# Metal inlay



## Penultimate (Jan 14, 2014)

Greetings
Has anyone used the metal inlay process from Metal Inlay Supplies Ted Sokolowski
Thanks


----------



## Ed McDonnell (Jan 14, 2014)

Penultimate said:


> Greetings
> Has anyone used the metal inlay process from Metal Inlay Supplies Ted Sokolowski
> Thanks



Hi Mike - I've used atomized metal powders in my turnings (not just pens).  The prices at the website you linked are very high.  You can get the materials for a lot less at places that sell supplies to people doing cold cast sculptures (e.g. douglas and sturgess) or on ebay.  

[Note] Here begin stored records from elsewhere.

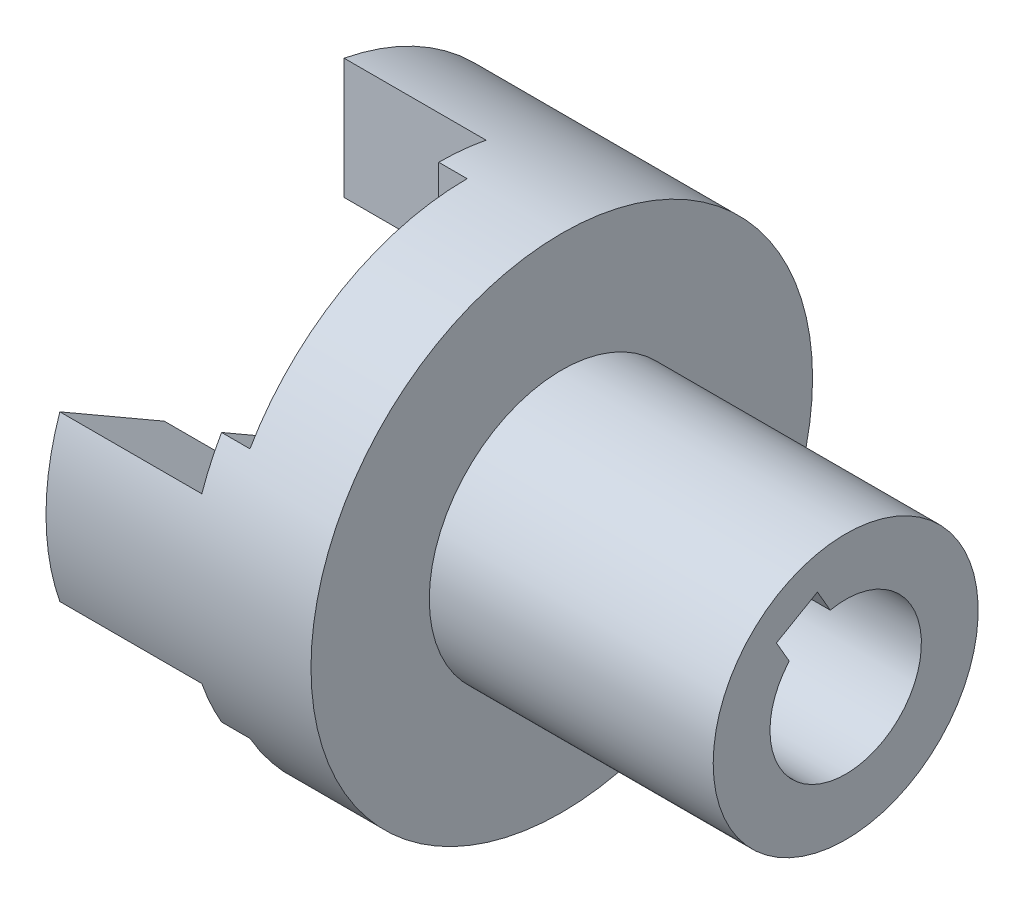
ISO-10303-21;
HEADER;
FILE_DESCRIPTION(('STEP AP214'),'2;1');
FILE_NAME('part.step','',(''),(''),'','','');
FILE_SCHEMA(('AUTOMOTIVE_DESIGN { 1 0 10303 214 1 1 1 1 }'));
ENDSEC;
DATA;
#1=APPLICATION_CONTEXT('core data for automotive mechanical design processes');
#2=APPLICATION_PROTOCOL_DEFINITION('international standard','automotive_design',2000,#1);
#3=PRODUCT_CONTEXT('',#1,'mechanical');
#4=PRODUCT('Part','Part','',(#3));
#5=PRODUCT_RELATED_PRODUCT_CATEGORY('part','',(#4));
#6=PRODUCT_DEFINITION_FORMATION('','',#4);
#7=PRODUCT_DEFINITION_CONTEXT('part definition',#1,'design');
#8=PRODUCT_DEFINITION('design','',#6,#7);
#9=PRODUCT_DEFINITION_SHAPE('','',#8);
#10=(LENGTH_UNIT() NAMED_UNIT(*) SI_UNIT(.MILLI.,.METRE.));
#11=(NAMED_UNIT(*) PLANE_ANGLE_UNIT() SI_UNIT($,.RADIAN.));
#12=(NAMED_UNIT(*) SI_UNIT($,.STERADIAN.) SOLID_ANGLE_UNIT());
#13=UNCERTAINTY_MEASURE_WITH_UNIT(LENGTH_MEASURE(1.E-05),#10,'distance_accuracy_value','');
#14=(GEOMETRIC_REPRESENTATION_CONTEXT(3) GLOBAL_UNCERTAINTY_ASSIGNED_CONTEXT((#13)) GLOBAL_UNIT_ASSIGNED_CONTEXT((#10,
#11,#12)) REPRESENTATION_CONTEXT('',''));
#15=CARTESIAN_POINT('',(0.,0.,0.));
#16=DIRECTION('',(0.,0.,1.));
#17=DIRECTION('',(1.,0.,0.));
#18=AXIS2_PLACEMENT_3D('',#15,#16,#17);
#19=CARTESIAN_POINT('',(-3.,0.,0.));
#20=DIRECTION('',(1.,0.,0.));
#21=DIRECTION('',(0.,0.866025403784443,0.499999999999992));
#22=AXIS2_PLACEMENT_3D('',#19,#20,#21);
#23=PLANE('',#22);
#24=DIRECTION('',(0.,1.,0.));
#25=VECTOR('',#24,1.);
#26=CARTESIAN_POINT('',(-3.,-26.0240273593462,-4.99999999999985));
#27=LINE('',#26,#25);
#28=CARTESIAN_POINT('',(-3.,-26.0240273593462,-4.99999999999985));
#29=VERTEX_POINT('',#28);
#30=CARTESIAN_POINT('',(-3.,-13.2790561913614,-4.99999999999993));
#31=VERTEX_POINT('',#30);
#32=EDGE_CURVE('E55',#29,#31,#27,.T.);
#33=ORIENTED_EDGE('',*,*,#32,.F.);
#34=CARTESIAN_POINT('',(-3.,0.,0.));
#35=DIRECTION('',(-1.,0.,0.));
#36=DIRECTION('',(0.,0.866025403784443,0.499999999999992));
#37=AXIS2_PLACEMENT_3D('',#34,#35,#36);
#38=CIRCLE('',#37,26.5);
#39=CARTESIAN_POINT('',(-3.,-26.5,1.6826817716975E-13));
#40=VERTEX_POINT('',#39);
#41=EDGE_CURVE('E307',#29,#40,#38,.T.);
#42=ORIENTED_EDGE('',*,*,#41,.T.);
#43=DIRECTION('',(0.,1.,0.));
#44=VECTOR('',#43,1.);
#45=CARTESIAN_POINT('',(-3.,-26.5,1.6826817716975E-13));
#46=LINE('',#45,#44);
#47=CARTESIAN_POINT('',(-3.,-16.1658075373095,1.18828558104411E-13));
#48=VERTEX_POINT('',#47);
#49=EDGE_CURVE('E310',#40,#48,#46,.T.);
#50=ORIENTED_EDGE('',*,*,#49,.T.);
#51=DIRECTION('',(0.,0.499999999999993,-0.866025403784443));
#52=VECTOR('',#51,1.);
#53=CARTESIAN_POINT('',(-3.,-16.1658075373095,1.18828558104411E-13));
#54=LINE('',#53,#52);
#55=EDGE_CURVE('E302',#48,#31,#54,.T.);
#56=ORIENTED_EDGE('',*,*,#55,.T.);
#57=EDGE_LOOP('',(#33,#42,#50,#56));
#58=FACE_BOUND('',#57,.T.);
#59=ADVANCED_FACE('F33',(#58),#23,.F.);
#60=DIRECTION('',(0.,-0.500000000000008,-0.866025403784434));
#61=VECTOR('',#60,1.);
#62=CARTESIAN_POINT('',(-3.,-10.969655114603,-8.99999999999986));
#63=LINE('',#62,#61);
#64=CARTESIAN_POINT('',(-3.,-10.969655114603,-8.99999999999986));
#65=VERTEX_POINT('',#64);
#66=CARTESIAN_POINT('',(-3.,-17.3421406985955,-20.0374688019749));
#67=VERTEX_POINT('',#66);
#68=EDGE_CURVE('E253',#65,#67,#63,.T.);
#69=ORIENTED_EDGE('',*,*,#68,.F.);
#70=CARTESIAN_POINT('',(-3.,-8.08290376865491,-13.9999999999999));
#71=VERTEX_POINT('',#70);
#72=EDGE_CURVE('E305',#65,#71,#54,.T.);
#73=ORIENTED_EDGE('',*,*,#72,.T.);
#74=DIRECTION('',(0.,-0.50000000000001,-0.866025403784433));
#75=VECTOR('',#74,1.);
#76=CARTESIAN_POINT('',(-3.,-8.08290376865491,-13.9999999999999));
#77=LINE('',#76,#75);
#78=CARTESIAN_POINT('',(-3.,-13.2500000000003,-22.9496732002875));
#79=VERTEX_POINT('',#78);
#80=EDGE_CURVE('E304',#71,#79,#77,.T.);
#81=ORIENTED_EDGE('',*,*,#80,.T.);
#82=EDGE_CURVE('E308',#79,#67,#38,.T.);
#83=ORIENTED_EDGE('',*,*,#82,.T.);
#84=EDGE_LOOP('',(#69,#73,#81,#83));
#85=FACE_BOUND('',#84,.T.);
#86=ADVANCED_FACE('F456',(#85),#23,.F.);
#87=CARTESIAN_POINT('',(-3.,0.,0.));
#88=DIRECTION('',(1.,0.,0.));
#89=DIRECTION('',(0.,-0.866025403784436,0.500000000000004));
#90=AXIS2_PLACEMENT_3D('',#87,#88,#89);
#91=PLANE('',#90);
#92=DIRECTION('',(0.,-0.499999999999999,0.86602540378444));
#93=VECTOR('',#92,1.);
#94=CARTESIAN_POINT('',(-3.,17.3421406985953,-20.0374688019751));
#95=LINE('',#94,#93);
#96=CARTESIAN_POINT('',(-3.,17.3421406985953,-20.0374688019751));
#97=VERTEX_POINT('',#96);
#98=CARTESIAN_POINT('',(-3.,10.9696551146029,-8.99999999999999));
#99=VERTEX_POINT('',#98);
#100=EDGE_CURVE('E274',#97,#99,#95,.T.);
#101=ORIENTED_EDGE('',*,*,#100,.F.);
#102=CARTESIAN_POINT('',(-3.,0.,0.));
#103=DIRECTION('',(-1.,0.,0.));
#104=DIRECTION('',(0.,-0.866025403784436,0.500000000000004));
#105=AXIS2_PLACEMENT_3D('',#102,#103,#104);
#106=CIRCLE('',#105,26.5);
#107=CARTESIAN_POINT('',(-3.,13.25,-22.9496732002876));
#108=VERTEX_POINT('',#107);
#109=EDGE_CURVE('E338',#97,#108,#106,.T.);
#110=ORIENTED_EDGE('',*,*,#109,.T.);
#111=DIRECTION('',(0.,-0.5,0.866025403784439));
#112=VECTOR('',#111,1.);
#113=CARTESIAN_POINT('',(-3.,13.25,-22.9496732002876));
#114=LINE('',#113,#112);
#115=CARTESIAN_POINT('',(-3.,8.08290376865472,-14.));
#116=VERTEX_POINT('',#115);
#117=EDGE_CURVE('E341',#108,#116,#114,.T.);
#118=ORIENTED_EDGE('',*,*,#117,.T.);
#119=DIRECTION('',(0.,0.500000000000004,0.866025403784437));
#120=VECTOR('',#119,1.);
#121=CARTESIAN_POINT('',(-3.,8.08290376865472,-14.));
#122=LINE('',#121,#120);
#123=EDGE_CURVE('E333',#116,#99,#122,.T.);
#124=ORIENTED_EDGE('',*,*,#123,.T.);
#125=EDGE_LOOP('',(#101,#110,#118,#124));
#126=FACE_BOUND('',#125,.T.);
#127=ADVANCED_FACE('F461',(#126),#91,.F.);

The end result is nice, but it's not the same as a solid metal inlay.

The DVD for sale on the website you linked is OK.  The techniques explained have been around for years and there isn't any super special / secret info on the DVD.  But, if you have never done any inlay in your turnings and you don't know anybody at a local turning club that does it, the DVD may be worth a look. 

Ed


----------



## Jim Burr (Jan 14, 2014)

I do a lot of inlays, but not sure if it's his technique or not. Metal powder is fun, but Pearl-ex and stone are equally fun...IMHO. I would like to try that bit though!


----------



## Ed McDonnell (Jan 14, 2014)

Hi Jim - The DVD explains how to use CA glue to inlay the metal powder.  It's no different than what turners have been doing for years to inlay various materials.

Ed


----------



## Jim Burr (Jan 14, 2014)

parklandturner said:


> Hi Jim - The DVD explains how to use CA glue to inlay the metal powder.  It's no different than what turners have been doing for years to inlay various materials.
> 
> Ed


 
Ha!!! $30 to do what we've been doing for years?! I just used turquoise powder on a buckeye bullet last week! I do like the shape that the bit on his site. I'm going to do an inlay today just to make myself feel better!!


----------



## Penultimate (Jan 14, 2014)

Thanks for the replies and advice. I appreciate all the experience you are willing to share.


----------



## low_48 (Jan 16, 2014)

I have that DVD coming as a late Christmas gift, hope it's not lost somewhere. But here's a link to WAY cheaper metal powders. No idea on quality comparisons.
Metal Powders for Cold Casting Real Metal with Urethane Resin


----------



## Ed McDonnell (Jan 16, 2014)

And even less expensive here.   1lb of aluminum for $9.70 vs $23 at smooth-on.  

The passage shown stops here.